Joan Didion’s Cure for Bankrupt Mornings

Essential advice for writers on keeping a notebook.

<a href="https://www.flickr.com/photos/joelmontes/4762384399">Journal Entry</a> by Joel Montes de Oca <a href="http://creativecommons.org/licenses/by-sa/2.0/">(CC BY-SA 2.0)</a>

Joan Didion in 2005. Photo by Kathy Willens/Associated Press

Joan Didion in 2005. Photo by Kathy Willens/Associated Press

Sometimes words fly from your fingers into the keyboard, the ink runs from your pen in a continuous flow, and your imagination fills the screen or page as if by magic. Sometimes when you sit down to write, inspiration is absent or obstinate, hiding and refusing to surface. American author Joan Didion refers to these times as “bankrupt mornings.” She counsels writers on keeping a notebook as a prophylactic against truant inspiration:

See enough and write it down, I tell myself, and then some morning when the world seems drained of wonder, some day when I am only going through the motions of doing what I am supposed to do, which is write — on that bankrupt morning I will simply open my notebook and there it will be, a forgotten account with accumulated interest, paid passage back to the world out there…

— Joan Didion from On Keeping a Notebook (Slouching Towards Bethlehem)

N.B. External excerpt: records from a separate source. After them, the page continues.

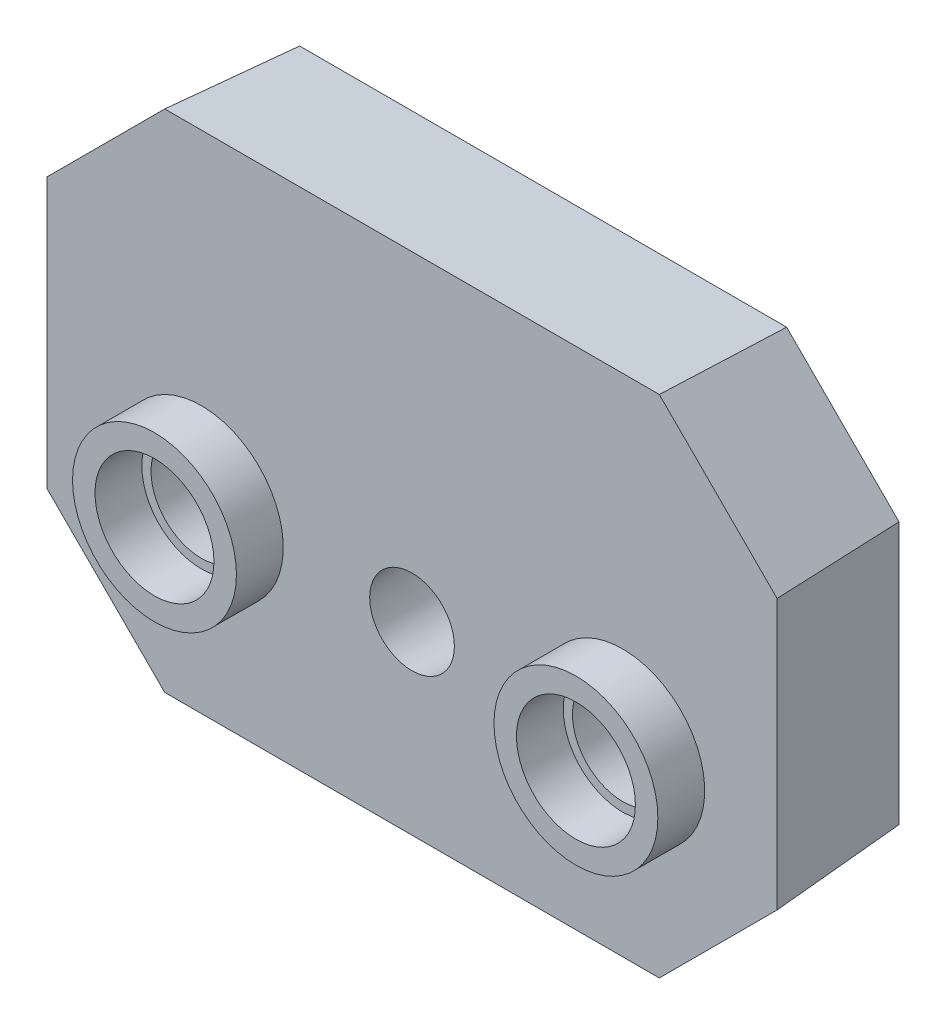
ISO-10303-21;
HEADER;
FILE_DESCRIPTION(('STEP AP214'),'2;1');
FILE_NAME('part.step','',(''),(''),'','','');
FILE_SCHEMA(('AUTOMOTIVE_DESIGN { 1 0 10303 214 1 1 1 1 }'));
ENDSEC;
DATA;
#1=APPLICATION_CONTEXT('core data for automotive mechanical design processes');
#2=APPLICATION_PROTOCOL_DEFINITION('international standard','automotive_design',2000,#1);
#3=PRODUCT_CONTEXT('',#1,'mechanical');
#4=PRODUCT('Part','Part','',(#3));
#5=PRODUCT_RELATED_PRODUCT_CATEGORY('part','',(#4));
#6=PRODUCT_DEFINITION_FORMATION('','',#4);
#7=PRODUCT_DEFINITION_CONTEXT('part definition',#1,'design');
#8=PRODUCT_DEFINITION('design','',#6,#7);
#9=PRODUCT_DEFINITION_SHAPE('','',#8);
#10=(LENGTH_UNIT() NAMED_UNIT(*) SI_UNIT(.MILLI.,.METRE.));
#11=(NAMED_UNIT(*) PLANE_ANGLE_UNIT() SI_UNIT($,.RADIAN.));
#12=(NAMED_UNIT(*) SI_UNIT($,.STERADIAN.) SOLID_ANGLE_UNIT());
#13=UNCERTAINTY_MEASURE_WITH_UNIT(LENGTH_MEASURE(1.E-05),#10,'distance_accuracy_value','');
#14=(GEOMETRIC_REPRESENTATION_CONTEXT(3) GLOBAL_UNCERTAINTY_ASSIGNED_CONTEXT((#13)) GLOBAL_UNIT_ASSIGNED_CONTEXT((#10,
#11,#12)) REPRESENTATION_CONTEXT('',''));
#15=CARTESIAN_POINT('',(0.,0.,0.));
#16=DIRECTION('',(0.,0.,1.));
#17=DIRECTION('',(1.,0.,0.));
#18=AXIS2_PLACEMENT_3D('',#15,#16,#17);
#19=CARTESIAN_POINT('',(0.,0.,28.));
#20=DIRECTION('',(0.,0.,-1.));
#21=DIRECTION('',(-1.,0.,0.));
#22=AXIS2_PLACEMENT_3D('',#19,#20,#21);
#23=PLANE('',#22);
#24=CARTESIAN_POINT('',(-45.,-14.5,28.));
#25=DIRECTION('',(0.,0.,-1.));
#26=DIRECTION('',(-1.,0.,0.));
#27=AXIS2_PLACEMENT_3D('',#24,#25,#26);
#28=CIRCLE('',#27,10.7420492655817);
#29=CARTESIAN_POINT('',(-55.7420492655817,-14.5,28.));
#30=VERTEX_POINT('',#29);
#31=EDGE_CURVE('E131',#30,#30,#28,.F.);
#32=ORIENTED_EDGE('',*,*,#31,.F.);
#33=EDGE_LOOP('',(#32));
#34=FACE_BOUND('',#33,.T.);
#35=CARTESIAN_POINT('',(-45.,-14.5,28.));
#36=DIRECTION('',(0.,0.,-1.));
#37=DIRECTION('',(-1.,0.,0.));
#38=AXIS2_PLACEMENT_3D('',#35,#36,#37);
#39=CIRCLE('',#38,12.7);
#40=CARTESIAN_POINT('',(-57.7,-14.5,28.));
#41=VERTEX_POINT('',#40);
#42=EDGE_CURVE('E244',#41,#41,#39,.F.);
#43=ORIENTED_EDGE('',*,*,#42,.T.);
#44=EDGE_LOOP('',(#43));
#45=FACE_BOUND('',#44,.T.);
#46=ADVANCED_FACE('F41',(#34,#45),#23,.F.);
#47=CARTESIAN_POINT('',(45.,-14.5,28.));
#48=DIRECTION('',(0.,0.,-1.));
#49=DIRECTION('',(-1.,0.,0.));
#50=AXIS2_PLACEMENT_3D('',#47,#48,#49);
#51=CIRCLE('',#50,10.7420492655817);
#52=CARTESIAN_POINT('',(34.2579507344183,-14.5,28.));
#53=VERTEX_POINT('',#52);
#54=EDGE_CURVE('E152',#53,#53,#51,.F.);
#55=ORIENTED_EDGE('',*,*,#54,.F.);
#56=EDGE_LOOP('',(#55));
#57=FACE_BOUND('',#56,.T.);
#58=CARTESIAN_POINT('',(45.,-14.5,28.));
#59=DIRECTION('',(0.,0.,-1.));
#60=DIRECTION('',(-1.,0.,0.));
#61=AXIS2_PLACEMENT_3D('',#58,#59,#60);
#62=CIRCLE('',#61,12.7);
#63=CARTESIAN_POINT('',(32.3,-14.5,28.));
#64=VERTEX_POINT('',#63);
#65=EDGE_CURVE('E375',#64,#64,#62,.F.);
#66=ORIENTED_EDGE('',*,*,#65,.T.);
#67=EDGE_LOOP('',(#66));
#68=FACE_BOUND('',#67,.T.);
#69=ADVANCED_FACE('F219',(#57,#68),#23,.F.);
#70=CARTESIAN_POINT('',(-45.,-14.5,28.));
#71=DIRECTION('',(0.,0.,-1.));
#72=DIRECTION('',(-1.,0.,0.));
#73=AXIS2_PLACEMENT_3D('',#70,#71,#72);
#74=CIRCLE('',#73,17.5);
#75=CARTESIAN_POINT('',(-62.5,-14.5,28.));
#76=VERTEX_POINT('',#75);
#77=EDGE_CURVE('E11',#76,#76,#74,.F.);
#78=ORIENTED_EDGE('',*,*,#77,.F.);
#79=EDGE_LOOP('',(#78));
#80=FACE_BOUND('',#79,.T.);
#81=CARTESIAN_POINT('',(45.,-14.5,28.));
#82=DIRECTION('',(0.,0.,-1.));
#83=DIRECTION('',(-1.,0.,0.));
#84=AXIS2_PLACEMENT_3D('',#81,#82,#83);
#85=CIRCLE('',#84,17.5);
#86=CARTESIAN_POINT('',(27.5,-14.5,28.));
#87=VERTEX_POINT('',#86);
#88=EDGE_CURVE('E49',#87,#87,#85,.F.);
#89=ORIENTED_EDGE('',*,*,#88,.F.);
#90=EDGE_LOOP('',(#89));
#91=FACE_BOUND('',#90,.T.);
#92=DIRECTION('',(0.707106781186548,0.707106781186548,0.));
#93=VECTOR('',#92,1.);
#94=CARTESIAN_POINT('',(-53.3844802415364,53.3844802415364,28.));
#95=LINE('',#94,#93);
#96=CARTESIAN_POINT('',(-52.8110097486544,53.9579507344183,28.));
#97=VERTEX_POINT('',#96);
#98=CARTESIAN_POINT('',(-77.9579507344183,28.8110097486544,28.));
#99=VERTEX_POINT('',#98);
#100=EDGE_CURVE('E148',#97,#99,#95,.F.);
#101=ORIENTED_EDGE('',*,*,#100,.T.);
#102=DIRECTION('',(0.,1.,0.));
#103=VECTOR('',#102,1.);
#104=CARTESIAN_POINT('',(-77.9579507344183,0.,28.));
#105=LINE('',#104,#103);
#106=CARTESIAN_POINT('',(-77.9579507344183,-28.8110097486544,28.));
#107=VERTEX_POINT('',#106);
#108=EDGE_CURVE('E121',#99,#107,#105,.F.);
#109=ORIENTED_EDGE('',*,*,#108,.T.);
#110=DIRECTION('',(-0.707106781186548,0.707106781186548,0.));
#111=VECTOR('',#110,1.);
#112=CARTESIAN_POINT('',(-53.3844802415364,-53.3844802415364,28.));
#113=LINE('',#112,#111);
#114=CARTESIAN_POINT('',(-52.8110097486544,-53.9579507344183,28.));
#115=VERTEX_POINT('',#114);
#116=EDGE_CURVE('E178',#107,#115,#113,.F.);
#117=ORIENTED_EDGE('',*,*,#116,.T.);
#118=DIRECTION('',(-1.,0.,0.));
#119=VECTOR('',#118,1.);
#120=CARTESIAN_POINT('',(0.,-53.9579507344183,28.));
#121=LINE('',#120,#119);
#122=CARTESIAN_POINT('',(52.8110097486544,-53.9579507344183,28.));
#123=VERTEX_POINT('',#122);
#124=EDGE_CURVE('E179',#115,#123,#121,.F.);
#125=ORIENTED_EDGE('',*,*,#124,.T.);
#126=DIRECTION('',(-0.707106781186548,-0.707106781186548,0.));
#127=VECTOR('',#126,1.);
#128=CARTESIAN_POINT('',(53.3844802415364,-53.3844802415364,28.));
#129=LINE('',#128,#127);
#130=CARTESIAN_POINT('',(77.9579507344183,-28.8110097486544,28.));
#131=VERTEX_POINT('',#130);
#132=EDGE_CURVE('E185',#123,#131,#129,.F.);
#133=ORIENTED_EDGE('',*,*,#132,.T.);
#134=DIRECTION('',(0.,-1.,0.));
#135=VECTOR('',#134,1.);
#136=CARTESIAN_POINT('',(77.9579507344183,0.,28.));
#137=LINE('',#136,#135);
#138=CARTESIAN_POINT('',(77.9579507344183,28.8110097486544,28.));
#139=VERTEX_POINT('',#138);
#140=EDGE_CURVE('E182',#131,#139,#137,.F.);
#141=ORIENTED_EDGE('',*,*,#140,.T.);
#142=DIRECTION('',(0.707106781186548,-0.707106781186548,0.));
#143=VECTOR('',#142,1.);
#144=CARTESIAN_POINT('',(53.3844802415364,53.3844802415364,28.));
#145=LINE('',#144,#143);
#146=CARTESIAN_POINT('',(52.8110097486544,53.9579507344183,28.));
#147=VERTEX_POINT('',#146);
#148=EDGE_CURVE('E65',#139,#147,#145,.F.);
#149=ORIENTED_EDGE('',*,*,#148,.T.);
#150=DIRECTION('',(1.,0.,0.));
#151=VECTOR('',#150,1.);
#152=CARTESIAN_POINT('',(0.,53.9579507344183,28.));
#153=LINE('',#152,#151);
#154=EDGE_CURVE('E44',#147,#97,#153,.F.);
#155=ORIENTED_EDGE('',*,*,#154,.T.);
#156=EDGE_LOOP('',(#101,#109,#117,#125,#133,#141,#149,#155));
#157=FACE_BOUND('',#156,.T.);
#158=CARTESIAN_POINT('',(0.,-14.5,28.));
#159=DIRECTION('',(0.,0.,-1.));
#160=DIRECTION('',(-1.,0.,0.));
#161=AXIS2_PLACEMENT_3D('',#158,#159,#160);
#162=CIRCLE('',#161,9.04204926558171);
#163=CARTESIAN_POINT('',(-9.04204926558171,-14.5,28.));
#164=VERTEX_POINT('',#163);
#165=EDGE_CURVE('E151',#164,#164,#162,.F.);
#166=ORIENTED_EDGE('',*,*,#165,.F.);
#167=EDGE_LOOP('',(#166));
#168=FACE_BOUND('',#167,.T.);
#169=ADVANCED_FACE('F190',(#80,#91,#157,#168),#23,.F.);
#170=CARTESIAN_POINT('',(0.,0.,0.));
#171=DIRECTION('',(0.,0.,-1.));
#172=DIRECTION('',(-1.,0.,0.));
#173=AXIS2_PLACEMENT_3D('',#170,#171,#172);
#174=PLANE('',#173);
#175=CARTESIAN_POINT('',(45.,-14.5,0.));
#176=DIRECTION('',(0.,0.,1.));
#177=DIRECTION('',(1.,0.,0.));
#178=AXIS2_PLACEMENT_3D('',#175,#176,#177);
#179=CIRCLE('',#178,12.7);
#180=CARTESIAN_POINT('',(57.7,-14.5,0.));
#181=VERTEX_POINT('',#180);
#182=EDGE_CURVE('E154',#181,#181,#179,.T.);
#183=ORIENTED_EDGE('',*,*,#182,.T.);
#184=EDGE_LOOP('',(#183));
#185=FACE_BOUND('',#184,.T.);
#186=DIRECTION('',(-0.707106781186548,-0.707106781186547,0.));
#187=VECTOR('',#186,1.);
#188=CARTESIAN_POINT('',(-76.,28.,0.));
#189=LINE('',#188,#187);
#190=CARTESIAN_POINT('',(-52.,52.,0.));
#191=VERTEX_POINT('',#190);
#192=CARTESIAN_POINT('',(-76.,28.,0.));
#193=VERTEX_POINT('',#192);
#194=EDGE_CURVE('E111',#191,#193,#189,.T.);
#195=ORIENTED_EDGE('',*,*,#194,.F.);
#196=DIRECTION('',(-1.,0.,0.));
#197=VECTOR('',#196,1.);
#198=CARTESIAN_POINT('',(-52.,52.,0.));
#199=LINE('',#198,#197);
#200=CARTESIAN_POINT('',(52.,52.,0.));
#201=VERTEX_POINT('',#200);
#202=EDGE_CURVE('E149',#201,#191,#199,.T.);
#203=ORIENTED_EDGE('',*,*,#202,.F.);
#204=DIRECTION('',(-0.707106781186548,0.707106781186547,0.));
#205=VECTOR('',#204,1.);
#206=CARTESIAN_POINT('',(52.,52.,0.));
#207=LINE('',#206,#205);
#208=CARTESIAN_POINT('',(76.,28.,0.));
#209=VERTEX_POINT('',#208);
#210=EDGE_CURVE('E147',#209,#201,#207,.T.);
#211=ORIENTED_EDGE('',*,*,#210,.F.);
#212=DIRECTION('',(0.,1.,0.));
#213=VECTOR('',#212,1.);
#214=CARTESIAN_POINT('',(76.,28.,0.));
#215=LINE('',#214,#213);
#216=CARTESIAN_POINT('',(76.,-28.,0.));
#217=VERTEX_POINT('',#216);
#218=EDGE_CURVE('E143',#217,#209,#215,.T.);
#219=ORIENTED_EDGE('',*,*,#218,.F.);
#220=DIRECTION('',(0.707106781186548,0.707106781186547,0.));
#221=VECTOR('',#220,1.);
#222=CARTESIAN_POINT('',(76.,-28.,0.));
#223=LINE('',#222,#221);
#224=CARTESIAN_POINT('',(52.,-52.,0.));
#225=VERTEX_POINT('',#224);
#226=EDGE_CURVE('E145',#225,#217,#223,.T.);
#227=ORIENTED_EDGE('',*,*,#226,.F.);
#228=DIRECTION('',(1.,0.,0.));
#229=VECTOR('',#228,1.);
#230=CARTESIAN_POINT('',(52.,-52.,0.));
#231=LINE('',#230,#229);
#232=CARTESIAN_POINT('',(-52.,-52.,0.));
#233=VERTEX_POINT('',#232);
#234=EDGE_CURVE('E139',#233,#225,#231,.T.);
#235=ORIENTED_EDGE('',*,*,#234,.F.);
#236=DIRECTION('',(0.707106781186548,-0.707106781186547,0.));
#237=VECTOR('',#236,1.);
#238=CARTESIAN_POINT('',(-52.,-52.,0.));
#239=LINE('',#238,#237);
#240=CARTESIAN_POINT('',(-76.,-28.,0.));
#241=VERTEX_POINT('',#240);
#242=EDGE_CURVE('E113',#241,#233,#239,.T.);
#243=ORIENTED_EDGE('',*,*,#242,.F.);
#244=DIRECTION('',(0.,-1.,0.));
#245=VECTOR('',#244,1.);
#246=CARTESIAN_POINT('',(-76.,-28.,0.));
#247=LINE('',#246,#245);
#248=EDGE_CURVE('E110',#193,#241,#247,.T.);
#249=ORIENTED_EDGE('',*,*,#248,.F.);
#250=EDGE_LOOP('',(#195,#203,#211,#219,#227,#235,#243,#249));
#251=FACE_BOUND('',#250,.T.);
#252=CARTESIAN_POINT('',(0.,-14.5,0.));
#253=DIRECTION('',(0.,0.,1.));
#254=DIRECTION('',(1.,0.,0.));
#255=AXIS2_PLACEMENT_3D('',#252,#253,#254);
#256=CIRCLE('',#255,11.);
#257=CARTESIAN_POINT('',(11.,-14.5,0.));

If the idea of journaling or keeping a notebook seems too difficult — set yourself up for success. Write one or two sentences each day. Feeling saucy? Go for a paragraph, a full page, or a timed exercise. Set up a prompt box and pull some ready-made inspiration out of it to kickstart your imagination.

If paper isn’t your thing, you might try out journaling app Day One, start a simple .txt file, or maybe even a new private blog to capture your thoughts and observations.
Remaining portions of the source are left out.